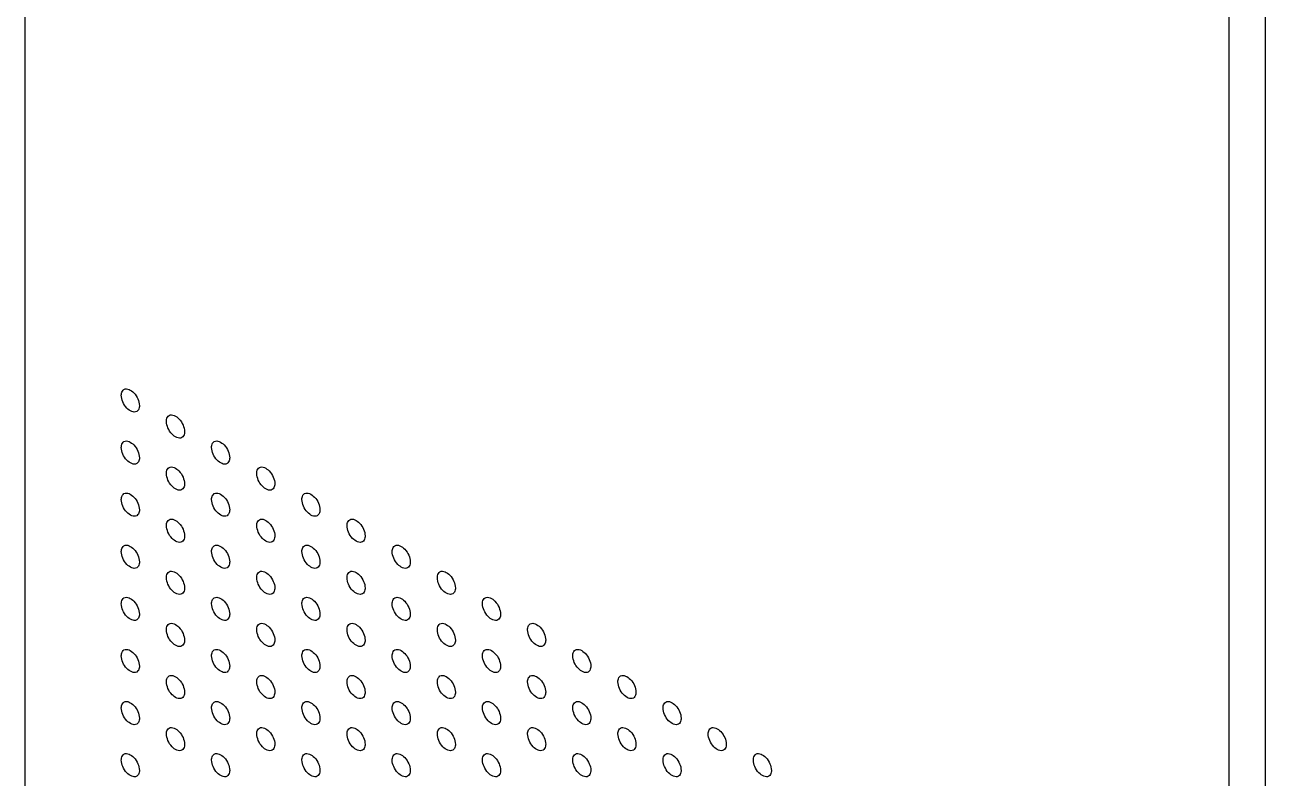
# Model space of a CAD drawing. Header units: millimetres. Extents: x 0 to 1189, y 0 to 858.
# Drawn here: x 885.3 to 982.4, y 534.4 to 593.4 of the extents above; entities that cross this region are included whole.
import ezdxf

# ---------------------------------------------------------------- set-up
doc = ezdxf.new("R2010")
doc.units = ezdxf.units.MM
doc.header["$LTSCALE"] = 65.395
doc.layers.get('0').update_dxf_attribs({"linetype": 'CONTINUOUS'})
doc.layers.add('AXIS', color=7, linetype='CONTINUOUS')

msp = doc.modelspace()

# ---------------------------------------------------------------- linework, layer by layer
at = {"color": 7, "linetype": 'Continuous'}
for p, q in [((885.266, 694.54), (885.266, 448.53)), ((982.409, 641.721), (982.409, 366.56)), ((979.581, 364.927), (979.581, 640.088))]:
    msp.add_line(p, q, dxfattribs=at)
at = {"layer": 'AXIS', "color": 7, "linetype": 'Continuous'}
for points, knots in [([(892.825, 564.385), (892.825, 564.435), (892.837, 564.604), (892.927, 564.781), (893.032, 564.842)], [0, 0, 0, 0, 0.294485, 1, 1, 1, 1]), ([(893.032, 564.842), (893.267, 564.979), (893.821, 564.648), (894.133, 564.122), (894.24, 563.747), (894.24, 563.568)], [0, 0, 0, 0, 0.422457, 0.722247, 1, 1, 1, 1]), ([(894.033, 563.111), (893.798, 562.974), (893.244, 563.305), (892.932, 563.831), (892.825, 564.206), (892.825, 564.385)], [0, 0, 0, 0, 0.422457, 0.722247, 1, 1, 1, 1]), ([(894.24, 563.568), (894.24, 563.518), (894.228, 563.349), (894.138, 563.172), (894.033, 563.111)], [0, 0, 0, 0, 0.294485, 1, 1, 1, 1]), ([(896.361, 562.344), (896.361, 562.394), (896.372, 562.563), (896.463, 562.74), (896.567, 562.801)], [0, 0, 0, 0, 0.294485, 1, 1, 1, 1]), ([(896.567, 562.801), (896.802, 562.938), (897.356, 562.607), (897.669, 562.081), (897.775, 561.706), (897.775, 561.527)], [0, 0, 0, 0, 0.422457, 0.722247, 1, 1, 1, 1]), ([(897.569, 561.07), (897.334, 560.933), (896.78, 561.264), (896.467, 561.79), (896.361, 562.165), (896.361, 562.344)], [0, 0, 0, 0, 0.422457, 0.722247, 1, 1, 1, 1]), ([(897.775, 561.527), (897.775, 561.477), (897.764, 561.308), (897.673, 561.13), (897.569, 561.07)], [0, 0, 0, 0, 0.294485, 1, 1, 1, 1]), ([(892.825, 560.302), (892.825, 560.353), (892.837, 560.522), (892.927, 560.699), (893.032, 560.76)], [0, 0, 0, 0, 0.294485, 1, 1, 1, 1]), ([(893.032, 560.76), (893.267, 560.896), (893.821, 560.566), (894.133, 560.039), (894.24, 559.665), (894.24, 559.486)], [0, 0, 0, 0, 0.422457, 0.722247, 1, 1, 1, 1]), ([(899.897, 560.302), (899.897, 560.353), (899.908, 560.522), (899.999, 560.699), (900.103, 560.76)], [0, 0, 0, 0, 0.294485, 1, 1, 1, 1]), ([(900.103, 560.76), (900.338, 560.896), (900.892, 560.566), (901.205, 560.039), (901.311, 559.665), (901.311, 559.486)], [0, 0, 0, 0, 0.422457, 0.722247, 1, 1, 1, 1]), ([(894.033, 559.028), (893.798, 558.892), (893.244, 559.222), (892.932, 559.749), (892.825, 560.123), (892.825, 560.302)], [0, 0, 0, 0, 0.422457, 0.722247, 1, 1, 1, 1]), ([(901.104, 559.028), (900.869, 558.892), (900.315, 559.222), (900.003, 559.749), (899.897, 560.124), (899.897, 560.302)], [0, 0, 0, 0, 0.422457, 0.722247, 1, 1, 1, 1]), ([(894.24, 559.486), (894.24, 559.435), (894.228, 559.266), (894.138, 559.089), (894.033, 559.028)], [0, 0, 0, 0, 0.294485, 1, 1, 1, 1]), ([(896.361, 558.261), (896.361, 558.311), (896.372, 558.48), (896.463, 558.658), (896.567, 558.718)], [0, 0, 0, 0, 0.294485, 1, 1, 1, 1]), ([(896.567, 558.718), (896.802, 558.855), (897.356, 558.524), (897.669, 557.998), (897.775, 557.623), (897.775, 557.445)], [0, 0, 0, 0, 0.422457, 0.722247, 1, 1, 1, 1]), ([(901.311, 559.486), (901.311, 559.435), (901.299, 559.266), (901.209, 559.089), (901.104, 559.028)], [0, 0, 0, 0, 0.294485, 1, 1, 1, 1]), ([(903.432, 558.261), (903.432, 558.311), (903.444, 558.48), (903.534, 558.658), (903.638, 558.718)], [0, 0, 0, 0, 0.294485, 1, 1, 1, 1]), ([(903.638, 558.718), (903.874, 558.855), (904.427, 558.524), (904.74, 557.998), (904.846, 557.623), (904.846, 557.445)], [0, 0, 0, 0, 0.422457, 0.722247, 1, 1, 1, 1]), ([(897.569, 556.987), (897.334, 556.851), (896.78, 557.181), (896.467, 557.707), (896.361, 558.082), (896.361, 558.261)], [0, 0, 0, 0, 0.422457, 0.722247, 1, 1, 1, 1]), ([(904.64, 556.987), (904.405, 556.851), (903.851, 557.181), (903.538, 557.708), (903.432, 558.082), (903.432, 558.261)], [0, 0, 0, 0, 0.422457, 0.722247, 1, 1, 1, 1]), ([(892.825, 556.22), (892.825, 556.27), (892.837, 556.439), (892.927, 556.616), (893.032, 556.677)], [0, 0, 0, 0, 0.294485, 1, 1, 1, 1]), ([(893.032, 556.677), (893.267, 556.814), (893.821, 556.483), (894.133, 555.957), (894.24, 555.582), (894.24, 555.403)], [0, 0, 0, 0, 0.422457, 0.722247, 1, 1, 1, 1]), ([(897.775, 557.445), (897.775, 557.394), (897.764, 557.225), (897.673, 557.048), (897.569, 556.987)], [0, 0, 0, 0, 0.294485, 1, 1, 1, 1]), ([(899.897, 556.22), (899.897, 556.27), (899.908, 556.439), (899.999, 556.616), (900.103, 556.677)], [0, 0, 0, 0, 0.294485, 1, 1, 1, 1]), ([(900.103, 556.677), (900.338, 556.814), (900.892, 556.483), (901.205, 555.957), (901.311, 555.582), (901.311, 555.403)], [0, 0, 0, 0, 0.422457, 0.722247, 1, 1, 1, 1]), ([(904.846, 557.445), (904.846, 557.394), (904.835, 557.225), (904.744, 557.048), (904.64, 556.987)], [0, 0, 0, 0, 0.294485, 1, 1, 1, 1]), ([(906.968, 556.22), (906.968, 556.27), (906.979, 556.439), (907.07, 556.617), (907.174, 556.677)], [0, 0, 0, 0, 0.294485, 1, 1, 1, 1]), ([(907.174, 556.677), (907.409, 556.814), (907.963, 556.483), (908.276, 555.957), (908.382, 555.582), (908.382, 555.403)], [0, 0, 0, 0, 0.422457, 0.722247, 1, 1, 1, 1]), ([(894.033, 554.946), (893.798, 554.809), (893.244, 555.14), (892.932, 555.666), (892.825, 556.041), (892.825, 556.22)], [0, 0, 0, 0, 0.422457, 0.722247, 1, 1, 1, 1]), ([(901.104, 554.946), (900.869, 554.809), (900.315, 555.14), (900.003, 555.666), (899.897, 556.041), (899.897, 556.22)], [0, 0, 0, 0, 0.422457, 0.722247, 1, 1, 1, 1]), ([(908.175, 554.946), (907.94, 554.809), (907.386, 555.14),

+++++

#### What this task involves:
Once the pictures are removed, output the entries above exactly as given.

#### Completed task:
# Model space of a CAD drawing. Header units: millimetres. Extents: x 0 to 1189, y 0 to 858.
# Drawn here: x 885.3 to 982.4, y 534.4 to 593.4 of the extents above; entities that cross this region are included whole.
import ezdxf

# ---------------------------------------------------------------- set-up
doc = ezdxf.new("R2010")
doc.units = ezdxf.units.MM
doc.header["$LTSCALE"] = 65.395
doc.layers.get('0').update_dxf_attribs({"linetype": 'CONTINUOUS'})
doc.layers.add('AXIS', color=7, linetype='CONTINUOUS')

msp = doc.modelspace()

# ---------------------------------------------------------------- linework, layer by layer
at = {"color": 7, "linetype": 'Continuous'}
for p, q in [((885.266, 694.54), (885.266, 448.53)), ((982.409, 641.721), (982.409, 366.56)), ((979.581, 364.927), (979.581, 640.088))]:
    msp.add_line(p, q, dxfattribs=at)
at = {"layer": 'AXIS', "color": 7, "linetype": 'Continuous'}
for points, knots in [([(892.825, 564.385), (892.825, 564.435), (892.837, 564.604), (892.927, 564.781), (893.032, 564.842)], [0, 0, 0, 0, 0.294485, 1, 1, 1, 1]), ([(893.032, 564.842), (893.267, 564.979), (893.821, 564.648), (894.133, 564.122), (894.24, 563.747), (894.24, 563.568)], [0, 0, 0, 0, 0.422457, 0.722247, 1, 1, 1, 1]), ([(894.033, 563.111), (893.798, 562.974), (893.244, 563.305), (892.932, 563.831), (892.825, 564.206), (892.825, 564.385)], [0, 0, 0, 0, 0.422457, 0.722247, 1, 1, 1, 1]), ([(894.24, 563.568), (894.24, 563.518), (894.228, 563.349), (894.138, 563.172), (894.033, 563.111)], [0, 0, 0, 0, 0.294485, 1, 1, 1, 1]), ([(896.361, 562.344), (896.361, 562.394), (896.372, 562.563), (896.463, 562.74), (896.567, 562.801)], [0, 0, 0, 0, 0.294485, 1, 1, 1, 1]), ([(896.567, 562.801), (896.802, 562.938), (897.356, 562.607), (897.669, 562.081), (897.775, 561.706), (897.775, 561.527)], [0, 0, 0, 0, 0.422457, 0.722247, 1, 1, 1, 1]), ([(897.569, 561.07), (897.334, 560.933), (896.78, 561.264), (896.467, 561.79), (896.361, 562.165), (896.361, 562.344)], [0, 0, 0, 0, 0.422457, 0.722247, 1, 1, 1, 1]), ([(897.775, 561.527), (897.775, 561.477), (897.764, 561.308), (897.673, 561.13), (897.569, 561.07)], [0, 0, 0, 0, 0.294485, 1, 1, 1, 1]), ([(892.825, 560.302), (892.825, 560.353), (892.837, 560.522), (892.927, 560.699), (893.032, 560.76)], [0, 0, 0, 0, 0.294485, 1, 1, 1, 1]), ([(893.032, 560.76), (893.267, 560.896), (893.821, 560.566), (894.133, 560.039), (894.24, 559.665), (894.24, 559.486)], [0, 0, 0, 0, 0.422457, 0.722247, 1, 1, 1, 1]), ([(899.897, 560.302), (899.897, 560.353), (899.908, 560.522), (899.999, 560.699), (900.103, 560.76)], [0, 0, 0, 0, 0.294485, 1, 1, 1, 1]), ([(900.103, 560.76), (900.338, 560.896), (900.892, 560.566), (901.205, 560.039), (901.311, 559.665), (901.311, 559.486)], [0, 0, 0, 0, 0.422457, 0.722247, 1, 1, 1, 1]), ([(894.033, 559.028), (893.798, 558.892), (893.244, 559.222), (892.932, 559.749), (892.825, 560.123), (892.825, 560.302)], [0, 0, 0, 0, 0.422457, 0.722247, 1, 1, 1, 1]), ([(901.104, 559.028), (900.869, 558.892), (900.315, 559.222), (900.003, 559.749), (899.897, 560.124), (899.897, 560.302)], [0, 0, 0, 0, 0.422457, 0.722247, 1, 1, 1, 1]), ([(894.24, 559.486), (894.24, 559.435), (894.228, 559.266), (894.138, 559.089), (894.033, 559.028)], [0, 0, 0, 0, 0.294485, 1, 1, 1, 1]), ([(896.361, 558.261), (896.361, 558.311), (896.372, 558.48), (896.463, 558.658), (896.567, 558.718)], [0, 0, 0, 0, 0.294485, 1, 1, 1, 1]), ([(896.567, 558.718), (896.802, 558.855), (897.356, 558.524), (897.669, 557.998), (897.775, 557.623), (897.775, 557.445)], [0, 0, 0, 0, 0.422457, 0.722247, 1, 1, 1, 1]), ([(901.311, 559.486), (901.311, 559.435), (901.299, 559.266), (901.209, 559.089), (901.104, 559.028)], [0, 0, 0, 0, 0.294485, 1, 1, 1, 1]), ([(903.432, 558.261), (903.432, 558.311), (903.444, 558.48), (903.534, 558.658), (903.638, 558.718)], [0, 0, 0, 0, 0.294485, 1, 1, 1, 1]), ([(903.638, 558.718), (903.874, 558.855), (904.427, 558.524), (904.74, 557.998), (904.846, 557.623), (904.846, 557.445)], [0, 0, 0, 0, 0.422457, 0.722247, 1, 1, 1, 1]), ([(897.569, 556.987), (897.334, 556.851), (896.78, 557.181), (896.467, 557.707), (896.361, 558.082), (896.361, 558.261)], [0, 0, 0, 0, 0.422457, 0.722247, 1, 1, 1, 1]), ([(904.64, 556.987), (904.405, 556.851), (903.851, 557.181), (903.538, 557.708), (903.432, 558.082), (903.432, 558.261)], [0, 0, 0, 0, 0.422457, 0.722247, 1, 1, 1, 1]), ([(892.825, 556.22), (892.825, 556.27), (892.837, 556.439), (892.927, 556.616), (893.032, 556.677)], [0, 0, 0, 0, 0.294485, 1, 1, 1, 1]), ([(893.032, 556.677), (893.267, 556.814), (893.821, 556.483), (894.133, 555.957), (894.24, 555.582), (894.24, 555.403)], [0, 0, 0, 0, 0.422457, 0.722247, 1, 1, 1, 1]), ([(897.775, 557.445), (897.775, 557.394), (897.764, 557.225), (897.673, 557.048), (897.569, 556.987)], [0, 0, 0, 0, 0.294485, 1, 1, 1, 1]), ([(899.897, 556.22), (899.897, 556.27), (899.908, 556.439), (899.999, 556.616), (900.103, 556.677)], [0, 0, 0, 0, 0.294485, 1, 1, 1, 1]), ([(900.103, 556.677), (900.338, 556.814), (900.892, 556.483), (901.205, 555.957), (901.311, 555.582), (901.311, 555.403)], [0, 0, 0, 0, 0.422457, 0.722247, 1, 1, 1, 1]), ([(904.846, 557.445), (904.846, 557.394), (904.835, 557.225), (904.744, 557.048), (904.64, 556.987)], [0, 0, 0, 0, 0.294485, 1, 1, 1, 1]), ([(906.968, 556.22), (906.968, 556.27), (906.979, 556.439), (907.07, 556.617), (907.174, 556.677)], [0, 0, 0, 0, 0.294485, 1, 1, 1, 1]), ([(907.174, 556.677), (907.409, 556.814), (907.963, 556.483), (908.276, 555.957), (908.382, 555.582), (908.382, 555.403)], [0, 0, 0, 0, 0.422457, 0.722247, 1, 1, 1, 1]), ([(894.033, 554.946), (893.798, 554.809), (893.244, 555.14), (892.932, 555.666), (892.825, 556.041), (892.825, 556.22)], [0, 0, 0, 0, 0.422457, 0.722247, 1, 1, 1, 1]), ([(901.104, 554.946), (900.869, 554.809), (900.315, 555.14), (900.003, 555.666), (899.897, 556.041), (899.897, 556.22)], [0, 0, 0, 0, 0.422457, 0.722247, 1, 1, 1, 1]), ([(908.175, 554.946), (907.94, 554.809), (907.386, 555.14),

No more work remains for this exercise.